L'union mystique et la spiritualité affective
Au-delà de sa réputation de théologien et de défenseur de l'indépendance ecclésiastique, Anselme est aussi un homme de prière profonde et d'intimité avec Dieu. Ses prières méditatives, compilées ultérieurement, révèlent un cœur passionnément aimant, cherchant une union croissante avec le Christ. Il écrit avec une tendresse et une émotivité remarquables sur la passion du Christ, exhortant le lecteur à contempler le souffrance du Sauveur et à y répondre par l'amour.
Cette dimension affective et mystique de la spiritualité anselmienne n'est pas une distraction de son travail théologique, mais en constitue le cœur battant. Anselme conçoit la théologie non comme un exercice intellectuel abstrait, mais comme une expression de l'amour qui unit le théologien à Dieu. Ses œuvres théologiques, pour austères qu'elles puissent paraître, sont toujours enracinées dans une profonde prière contemplative.
L'influence et l'héritage anselmien
L'influence d'Anselme sur la théologie médiévale et au-delà est immense. Il est considéré comme le père de la scolastique, mouvement intellectuel qui tentait de reconcilier foi et raison de manière systématique. Ses méthodes et ses arguments ont inspiré ou provoqué les réactions de tous les grands théologiens ultérieurs : Thomas d'Aquin, Bonaventure, Duns Scotus, et d'innombrables autres.

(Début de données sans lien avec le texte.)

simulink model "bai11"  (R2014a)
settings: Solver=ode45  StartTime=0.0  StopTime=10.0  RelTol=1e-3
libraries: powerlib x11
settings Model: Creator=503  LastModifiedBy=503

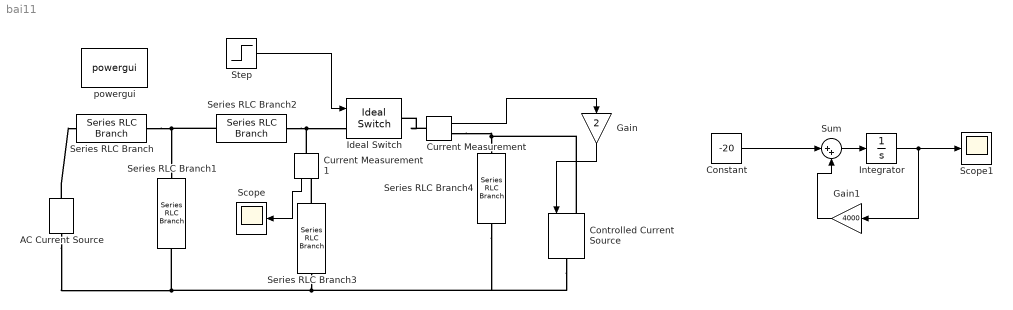
== system bai11 ==
  AC Current Source : powerlib/Electrical Sources/AC Current Source  Amplitude=10e-3  Phase=90  Frequency=0  SampleTime=0  Measurements=None
  Constant : Constant  Value=-20
  Controlled Current Source : powerlib/Electrical Sources/Controlled Current Source  Initialize=off  Source_Type=AC  Amplitude=0  Phase=0  Frequency=0  Measurements=None
  Current Measurement : powerlib/Measurements/Current Measurement  PhasorSimulation=off  OutputType=Complex  PSBequivalent=0
  Current Measurement1 : powerlib/Measurements/Current Measurement  PhasorSimulation=off  OutputType=Complex  PSBequivalent=0
  Gain : Gain  Gain=2
  Gain1 : Gain  Gain=4000
  Ideal Switch : powerlib/Power Electronics/Ideal Switch  Ron=1e-9  Lon=0  IC=0  Rs=inf  Cs=inf  Measurements=off
  Integrator : Integrator  InitialCondition=5e-3
  Scope : Scope
      settings: YMin=0.00499475  YMax=0.0049995
  Scope1 : Scope
      settings: YMin=-0.005  YMax=-0.005
  Series RLC Branch{,1..2,4} (4 alike) : powerlib/Elements/Series RLC Branch  LConnTagsString=__new0  RConnTagsString=__new0  BranchType=R  Resistance=2000  Inductance=1e-3  SetiL0=off  InitialCurrent=0  Capacitance=1e-6  Setx0=off  InitialVoltage=0  Measurements=None
  Series RLC Branch3 : powerlib/Elements/Series RLC Branch  LConnTagsString=__new0  RConnTagsString=__new0  BranchType=L  Resistance=2000  Inductance=2e-3  SetiL0=off  InitialCurrent=0  Capacitance=1e-6  Setx0=off  InitialVoltage=0  Measurements=None
  Step : Step  Time=0.1  SampleTime=0
  Sum : Sum  Inputs=|++
  powergui : powerlib/powergui  Priority=1  SimulationMode=Continuous  SolverType=Tustin  SampleTime=50e-6  frequency=60  SPID=off  DisableSnubberDevices=off  DisableRonSwitches=off  DisableVfSwitches=off  SwTol=0  Interpol=off  DisplayEquations=off  Ts=0  methode=off  frequencyindice=0  Pbase=100e6  ErrMax=1e-4  Iterations=50  UnitsV=kV  UnitsW=MW  FunctionMessages=off  echomessages=off  HookPort=off  EnableUseOfTLC=off  x0status=blocks  RestoreLinks=warning  ResistiveCurrentMeasurement=off  Frange=[0:2:500]  Ylog=off  Xlog=on  ShowGrid=off  save=off  variable=ZData  structure=0  ZoomFFT=off  StartTime=0.0  cycles=1  DisplayStyle=1  fundamental=60  FreqAxis=off  MaxFrequency=1000  frequencyindicesteady=1  RmsSteady=1  display=off
  wires:
  Current Measurement/1 -> Gain/1
  Gain/1 -> Controlled Current Source/1
  Current Measurement1/1 -> Scope/1
  Step/1 -> Ideal Switch/1
  Constant/1 -> Sum/1
  Gain1/1 -> Sum/2
  Sum/1 -> Integrator/1
  Integrator/1 -> Gain1/1, Scope1/1
  connections:
  Series RLC Branch/RConn1 -- Series RLC Branch2/RConn1 -- Series RLC Branch1/LConn1
  AC Current Source/LConn1 -- Series RLC Branch3/LConn1 -- Series RLC Branch4/RConn1 -- Controlled Current Source/RConn1 -- Series RLC Branch1/RConn1
  Series RLC Branch2/LConn1 -- Ideal Switch/LConn1 -- Current Measurement1/LConn1
  Current Measurement/RConn1 -- Controlled Current Source/LConn1 -- Series RLC Branch4/LConn1
  AC Current Source/RConn1 -- Series RLC Branch/LConn1
  Series RLC Branch3/RConn1 -- Current Measurement1/RConn1
  Current Measurement/LConn1 -- Ideal Switch/RConn1

Même les critiques de sa preuve ontologique, comme Saint Thomas d'Aquin, reconnaissent sa profondeur et sa subtilité.
Au-delà de la théologie formelle, Anselme a établi un modèle pour comment un intellectuel chrétien peut aussi être un homme de prière et d'action morale. Il a démontré qu'on n'a pas à choisir entre la vie contemplative et l'engagement au monde, mais qu'on peut les conjuguer dans la personne d'un croyant authentique.
La mort et la béatification
Anselme meurt le 21 avril 1109 à Cantorbéry, au grand deuil de l'Église entière. Il est rapidement reconnu comme Docteur de l'Église pour ses contributions à la théologie, titre qui souligne l'importance exceptionnelle de ses enseignements. Il est également canonisé, et sa fête est célébrée le 21 avril. Son tombeau à Cantorbéry devient un lieu de pèlerinage, où les fidèles viennent demander l'intercession de ce grand saint.